One alternative to this would be storing aggregate data for all years. However, given that the model can store an unlimited number of years worth of transaction data, this could potentially add a processing burden whenever a transaction occurs (new transactions impact aggregate data and require recalculations). In short, the arrays within the collection ensure us that only two years of data are recalculated, as opposed to 30 or 40.

You can read more about storing arrays as class properties here.

Collection Classes

The financial model relies heavily on collection classes to store transaction and rung data. Transactions are held within TransCollection for easy access to methods which sort, calculate totals, manage printing, and to support saving. Rungs are held within RungCollection for calculating aggregate bond and portfolio data.

You can read more about collection classes here.

Storing Properties in Collection Classes

Collection classes are known to have a generic set of properties and methods to add, remove, and count values. It’s also possible to encapsulate unique properties within collection classes. This may seem counter-intuitive, as a properties are known to store a specific detail/attribute of a single element (not multiple elements), but they can be used within collection classes to present aggregate data about the entire collection.

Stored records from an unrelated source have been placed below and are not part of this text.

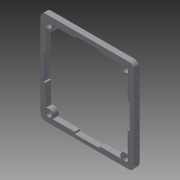
# Autodesk Inventor part: keyboard_space_cad
Saved by Autodesk Inventor 2014 (Build 180170000, 170)
## iProperties
Created: 2014-07-19
Part Number: keyboard_space_cad
Material: Generic
Document SubType Name: Modeling
Designer: james
Density: 1 g/cm^3
Appearance: Default
Author: james
Autodesk Inventor part; units mm, degrees
ref_plane "YZ Plane" through (0, 0, 0) normal (1, 0, 0) x (0, 1, 0)
ref_plane "XZ Plane" through (0, 0, 0) normal (0, 1, 0) x (-1, 0, 0)
ref_plane "XY Plane" through (0, 0, 0) normal (0, 0, 1) x (1, 0, 0)
sketch "Baseline" plane through (0, 0, 0) normal (0, 1, 0) x (-1, 0, 0)
  line L0 (61.0726, -11.6756) -> (16.1384, -11.6756)
  spline S0 degree 3 poles (16.1384, -11.6756) (13.8101, -11.6756) (11.9051, -13.5806) (11.9051, -15.909) knots 1 1 1 1 2 2 2 2
  line L1 (16.1384, -11.6756) -> (13.8101, -11.6756) construction
  line L2 (13.8101, -11.6756) -> (11.9051, -13.5806) construction
  line L3 (11.9051, -13.5806) -> (11.9051, -15.909) construction
  line L4 (11.9051, -15.909) -> (11.9051, -60.661)
  spline S1 degree 3 poles (11.9051, -60.661) (11.9051, -62.9893) (13.8101, -64.8943) (16.1384, -64.8943) knots 3 3 3 3 4 4 4 4
  line L5 (11.9051, -60.661) -> (11.9051, -62.9893) construction
  line L6 (11.9051, -62.9893) -> (13.8101, -64.8943) construction
  line L7 (13.8101, -64.8943) -> (16.1384, -64.8943) construction
  line L8 (16.1384, -64.8943) -> (61.0726, -64.8943)
  spline S2 degree 3 poles (61.0726, -64.8943) (63.4009, -64.8943) (65.3059, -62.9893) (65.3059, -60.661) knots 5 5 5 5 6 6 6 6
  line L9 (61.0726, -64.8943) -> (63.4009, -64.8943) construction
  line L10 (63.4009, -64.8943) -> (65.3059, -62.9893) construction
  line L11 (65.3059, -62.9893) -> (65.3059, -60.661) construction
  line L12 (65.3059, -60.661) -> (65.3059, -15.909)
  spline S3 degree 3 poles (65.3059, -15.909) (65.3059, -13.5806) (63.4009, -11.6756) (61.0726, -11.6756) knots 7 7 7 7 8 8 8 8
  line L13 (65.3059, -15.909) -> (65.3059, -13.5806) construction
  line L14 (65.3059, -13.5806) -> (63.4009, -11.6756) construction
  line L15 (63.4009, -11.6756) -> (61.0726, -11.6756) construction
  spline S4 degree 3 poles (59.9166, -15.3859) (59.9168, -15.3857) (59.9171, -15.3855) (59.9173, -15.3853) knots 0 0 0 0 1 1 1 1
  line L16 (59.9166, -15.3859) -> (59.9168, -15.3857) construction
  line L17 (59.9168, -15.3857) -> (59.9171, -15.3855) construction
  line L18 (59.9171, -15.3855) -> (59.9173, -15.3853) construction
  line L19 (59.9173, -15.3853) -> (59.9173, -15.3854)
  spline S5 degree 3 poles (59.9173, -15.3854) (60.1545, -15.1997) (60.4494, -15.0845) (60.7739, -15.0845) (61.5454, -15.0845) (62.1709, -15.7099) (62.1709, -16.4815) (62.1709, -16.7261) (62.1024, -16.9527) (61.9919, -17.1527) knots 2 2 2 2 3 3 3 4 4 4 5 5 5 5
  line L20 (59.9173, -15.3854) -> (60.1545, -15.1997) construction
  line L21 (60.1545, -15.1997) -> (60.4494, -15.0845) construction
  line L22 (60.4494, -15.0845) -> (60.7739, -15.0845) construction
  line L23 (60.7739, -15.0845) -> (61.5454, -15.0845) construction
  line L24 (61.5454, -15.0845) -> (62.1709, -15.7099) construction
  line L25 (62.1709, -15.7099) -> (62.1709, -16.4815) construction
  line L26 (62.1709, -16.4815) -> (62.1709, -16.7261) construction
  line L27 (62.1709, -16.7261) -> (62.1024, -16.9527) construction
  line L28 (62.1024, -16.9527) -> (61.9919, -17.1527) construction
  line L29 (61.9919, -17.1527) -> (61.9919, -17.1527)
  spline S6 degree 3 poles (61.9919, -17.1527) (61.9084, -17.3039) (61.7991, -17.4365) (61.6678, -17.5468) knots 7 7 7 7 8 8 8 8
  line L30 (61.9919, -17.1527) -> (61.9084, -17.3039) construction
  line L31 (61.9084, -17.3039) -> (61.7991, -17.4365) construction
  line L32 (61.7991, -17.4365) -> (61.6678, -17.5468) construction
  spline S7 degree 3 poles (61.6678, -17.5468) (61.6518, -17.5604) (61.6359, -17.5739) (61.6194, -17.5867) knots 8 8 8 8 9 9 9 9
  line L33 (61.6678, -17.5468) -> (61.6518, -17.5604) construction
  line L34 (61.6518, -17.5604) -> (61.6359, -17.5739) construction
  line L35 (61.6359, -17.5739) -> (61.6194, -17.5867) construction
  spline S8 degree 3 poles (61.6194, -17.5867) (61.583, -17.6147) (61.5464, -17.6415) (61.5073, -17.6658) knots 9 9 9 9 10 10 10 10
  line L36 (61.6194, -17.5867) -> (61.583, -17.6147) construction
  line L37 (61.583, -17.6147) -> (61.5464, -17.6415) construction
  line L38 (61.5464, -17.6415) -> (61.5073, -17.6658) construction
  spline S9 degree 3 poles (61.5073, -17.6658) (61.4604, -17.6954) (61.4112, -17.7214) (61.3608, -17.7453) knots 10 10 10 10 11 11 11 11
  line L39 (61.5073, -17.6658) -> (61.4604, -17.6954) construction
  line L40 (61.4604, -17.6954) -> (61.4112, -17.7214) construction
  line L41 (61.4112, -17.7214) -> (61.3608, -17.7453) construction
  spline S10 degree 3 poles (61.3608, -17.7453) (61.3302, -17.7595) (61.2994, -17.7722) (61.2677, -17.7842) knots 11 11 11 11 12 12 12 12
  line L42 (61.3608, -17.7453) -> (61.3302, -17.7595) construction
  line L43 (61.3302, -17.7595) -> (61.2994, -17.7722) construction
  line L44 (61.2994, -17.7722) -> (61.2677, -17.7842) construction
  spline S11 degree 3 poles (61.2677, -17.7842) (61.2113, -17.8059) (61.1534, -17.824) (61.0936, -17.8382) knots 12 12 12 12 13 13 13 13
  line L45 (61.2677, -17.7842) -> (61.2113, -17.8059) construction
  line L46 (61.2113, -17.8059) -> (61.1534, -17.824) construction
  line L47 (61.1534, -17.824) -> (61.0936, -17.8382) construction
  spline S12 degree 3 poles (61.0936, -17.8382) (61.0698, -17.8439) (61.0461, -17.8491) (61.0217, -17.8535) knots 13 13 13 13 14 14 14 14
  line L48 (61.0936, -17.8382) -> (61.0698, -17.8439) construction
  line L49 (61.0698, -17.8439) -> (61.0461, -17.8491) construction
  line L50 (61.0461, -17.8491) -> (61.0217, -17.8535) construction
  spline S13 degree 3 poles (61.0217, -17.8535) (60.9411, -17.8682) (60.8589, -17.8785) (60.7739, -17.8785) (60.0023, -17.8785) (59.3769, -17.253) (59.3769, -16.4815) (59.3769, -16.3956) (59.387, -16.3124) (59.4021, -16.2311) knots 14 14 14 14 15 15 15 16 16 16 17 17 17 17
  line L51 (61.0217, -17.8535) -> (60.9411, -17.8682) construction
  line L52 (60.9411, -17.8682) -> (60.8589, -17.8785) construction
  line L53 (60.8589, -17.8785) -> (60.7739, -17.8785) construction
  line L54 (60.7739, -17.8785) -> (60.0023, -17.8785) construction
  line L55 (60.0023, -17.8785) -> (59.3769, -17.253) construction
  line L56 (59.3769, -17.253) -> (59.3769, -16.4815) construction
  line L57 (59.3769, -16.4815) -> (59.3769, -16.3956) construction
  line L58 (59.3769, -16.3956) -> (59.387, -16.3124) construction
  line L59 (59.387, -16.3124) -> (59.4021, -16.2311) construction
  spline S14 degree 3 poles (59.4021, -16.2311) (59.4052, -16.2142) (59.4075, -16.1974) (59.4112, -16.1808) knots 17 17 17 17 18 18 18 18
  line L60 (59.4021, -16.2311) -> (59.4052, -16.2142) construction
  line L61 (59.4052, -16.2142) -> (59.4075, -16.1974) construction
  line L62 (59.4075, -16.1974) -> (59.4112, -16.1808) construction
  spline S15 degree 3 poles (59.4112, -16.1808) (59.4271, -16.11) (59.4487, -16.0414) (59.475, -15.9752) knots 18 18 18 18 19 19 19 19
  line L63 (59.4112, -16.1808) -> (59.4271, -16.11) construction
  line L64 (59.4271, -16.11) -> (59.4487, -16.0414) construction
  line L65 (59.4487, -16.0414) -> (59.475, -15.9752) construction
  spline S16 degree 3 poles (59.475, -15.9752) (59.486, -15.9472) (59.4982, -15.9203) (59.5108, -15.8933) knots 19 19 19 19 20 20 20 20
  line L66 (59.475, -15.9752) -> (59.486, -15.9472) construction
  line L67 (59.486, -15.9472) -> (59.4982, -15.9203) construction
  line L68 (59.4982, -15.9203) -> (59.5108, -15.8933) construction
  spline S17 degree 3 poles (59.5108, -15.8933) (59.5311, -15.8506) (59.5537, -15.8095) (59.5781, -15.7694) knots 20 20 20 20 21 21 21 21
  line L69 (59.5108, -15.8933) -> (59.5311, -15.8506) construction
  line L70 (59.5311, -15.8506) -> (59.5537, -15.8095) construction
  line L71 (59.5537, -15.8095) -> (59.5781, -15.7694) construction
  spline S18 degree 3 poles (59.5781, -15.7694) (59.6085, -15.7183) (59.6422, -15.6703) (59.6788, -15.6237) knots 21 21 21 21 22 22 22 22
  line L72 (59.5781, -15.7694) -> (59.6085, -15.7183) construction
  line L73 (59.6085, -15.7183) -> (59.6422, -15.6703) construction
  line L74 (59.6422, -15.6703) -> (59.6788, -15.6237) construction
  spline S19 degree 3 poles (59.6788, -15.6237) (59.69, -15.6095) (59.7015, -15.5956) (59.7133, -15.5819) knots 22 22 22 22 23 23 23 23
  line L75 (59.6788, -15.6237) -> (59.69, -15.6095) construction
  line L76 (59.69, -15.6095) -> (59.7015, -15.5956) construction
  line L77 (59.7015, -15.5956) -> (59.7133, -15.5819) construction
  spline S20 degree 3 poles (59.7133, -15.5819) (59.7745, -15.5098) (59.8421, -15.4444) (59.9166, -15.3859) knots 23 23 23 23 24 24 24 24
  line L78 (59.7133, -15.5819) -> (59.7745, -15.5098) construction
  line L79 (59.7745, -15.5098) -> (59.8421, -15.4444) construction
  line L80 (59.8421, -15.4444) -> (59.9166, -15.3859) construction
  spline S21 degree 3 poles (16.8742, -15.0845) (17.2556, -15.0845) (17.6005, -15.2381) (17.8525, -15.4858) knots 0 0 0 0 1 1 1 1
  line L81 (16.8742, -15.0845) -> (17.2556, -15.0845) construction
  line L82 (17.2556, -15.0845) -> (17.6005, -15.2381) construction
  line L83 (17.6005, -15.2381) -> (17.8525, -15.4858) construction
  line L84 (17.8525, -15.4858) -> (17.8526, -15.4858)
  spline S22 degree 3 poles (17.8526, -15.4858) (17.8526, -15.4858) (17.8526, -15.4859) (17.8526, -15.4859) knots 2 2 2 2 3 3 3 3
  line L85 (17.8526, -15.4858) -> (17.8526, -15.4858) construction
  line L86 (17.8526, -15.4858) -> (17.8526, -15.4859) construction
  line L87 (17.8526, -15.4859) -> (17.8526, -15.4859) construction
  spline S23 degree 3 poles (17.8526, -15.4859) (17.9793, -15.6103) (18.0817, -15.7586) (18.1538, -15.9236) knots 3 3 3 3 4 4 4 4
  line L88 (17.8526, -15.4859) -> (17.9793, -15.6103) construction
  line L89 (17.9793, -15.6103) -> (18.0817, -15.7586) construction
  line L90 (18.0817, -15.7586) -> (18.1538, -15.9236) construction
  spline S24 degree 3 poles (18.1538, -15.9236) (18.1552, -15.9268) (18.1574, -15.9295) (18.1587, -15.9327) knots 4 4 4 4 5 5 5 5
  line L91 (18.1538, -15.9236) -> (18.1552, -15.9268) construction
  line L92 (18.1552, -15.9268) -> (18.1574, -15.9295) construction
  line L93 (18.1574, -15.9295) -> (18.1587, -15.9327) construction
  spline S25 degree 3 poles (18.1587, -15.9327) (18.1905, -16.0071) (18.2137, -16.0857) (18.2323, -16.166) knots 5 5 5 5 6 6 6 6
  line L94 (18.1587, -15.9327) -> (18.1905, -16.0071) construction
  line L95 (18.1905, -16.0071) -> (18.2137, -16.0857) construction
  line L96 (18.2137, -16.0857) -> (18.2323, -16.166) construction
  spline S26 degree 3 poles (18.2323, -16.166) (18.2348, -16.1769) (18.2399, -16.1867) (18.2422, -16.1977) knots 6 6 6 6 7 7 7 7
  line L97 (18.2323, -16.166) -> (18.2348, -16.1769) construction
  line L98 (18.2348, -16.1769) -> (18.2399, -16.1867) construction
  line L99 (18.2399, -16.1867) -> (18.2422, -16.1977) construction
  spline S27 degree 3 poles (18.2422, -16.1977) (18.2611, -16.2893) (18.2712, -16.3842) (18.2712, -16.4815) (18.2712, -16.8672) (18.1149, -17.2165) (17.8621, -17.4693) knots 7 7 7 7 8 8 8 9 9 9 9
  line L100 (18.2422, -16.1977) -> (18.2611, -16.2893) construction
  line L101 (18.2611, -16.2893) -> (18.2712, -16.3842) construction
  line L102 (18.2712, -16.3842) -> (18.2712, -16.4815) construction
  line L103 (18.2712, -16.4815) -> (18.2712, -16.8672) construction
  line L104 (18.2712, -16.8672) -> (18.1149, -17.2165) construction
  line L105 (18.1149, -17.2165) -> (17.8621, -17.4693) construction
  spline S28 degree 3 poles (17.8621, -17.4693) (17.6725, -17.6589) (17.4286, -17.7943) (17.1558, -17.8501) knots 9 9 9 9 10 10 10 10
  line L106 (17.8621, -17.4693) -> (17.6725, -17.6589) construction
  line L107 (17.6725, -17.6589) -> (17.4286, -17.7943) construction
  line L108 (17.4286, -17.7943) -> (17.1558, -17.8501) construction
  spline S29 degree 3 poles (17.1558, -17.8501) (17.0648, -17.8687) (16.9707, -17.8785) (16.8742, -17.8785) (16.7745, -17.8785) (16.6776, -17.8672) (16.5839, -17.8474) knots 10 10 10 10 11 11 11 12 12 12 12
  line L109 (17.1558, -17.8501) -> (17.0648, -17.8687) construction
  line L110 (17.0648, -17.8687) -> (16.9707, -17.8785) construction
  line L111 (16.9707, -17.8785) -> (16.8742, -17.8785) construction
  line L112 (16.8742, -17.8785) -> (16.7745, -17.8785) construction
  line L113 (16.7745, -17.8785) -> (16.6776, -17.8672) construction
  line L114 (16.6776, -17.8672) -> (16.5839, -17.8474) construction
  spline S30 degree 3 poles (16.5839, -17.8474) (16.5698, -17.8443) (16.5571, -17.8382) (16.5433, -17.8348) knots 12 12 12 12 13 13 13 13
  line L115 (16.5839, -17.8474) -> (16.5698, -17.8443) construction
  line L116 (16.5698, -17.8443) -> (16.5571, -17.8382) construction
  line L117 (16.5571, -17.8382) -> (16.5433, -17.8348) construction
  spline S31 degree 3 poles (16.5433, -17.8348) (16.4629, -17.8152) (16.3847, -17.7907) (16.3105, -17.7579) knots 13 13 13 13 14 14 14 14
  line L118 (16.5433, -17.8348) -> (16.4629, -17.8152) construction
  line L119 (16.4629, -17.8152) -> (16.3847, -17.7907) construction
  line L120 (16.3847, -17.7907) -> (16.3105, -17.7579) construction
  spline S32 degree 3 poles (16.3105, -17.7579) (16.3052, -17.7555) (16.3005, -17.752) (16.2952, -17.7496) knots 14 14 14 14 15 15 15 15
  line L121 (16.3105, -17.7579) -> (16.3052, -17.7555) construction
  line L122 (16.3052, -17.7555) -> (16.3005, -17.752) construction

Within the financial model, properties are used within collection classes to calculate and present totals, averages, and present arrays about the entire portfolio or individual rungs.

You can read more about storing properties within collection classes here.

Making Object Data Persist After Spreadsheet Close

One of the major drawbacks of relying heavily on VBA classes is that the objects will terminate whenever a process is interrupted, or a spreadsheet is closed. To get around this, class data must be saved somewhere on a spreadsheet.

Within the Bond Ladder Financial Model, all custom object data is saved (printed) within the “Rungs” and “Transactions” sheets. Within the RungCollection and TransCollection collection classes, the Class_Initialize subroutines work to load all saved data into their respective collection classes when a worksheet is opened. Data is automatically saved to these pages whenever a transaction is created or a major change takes place.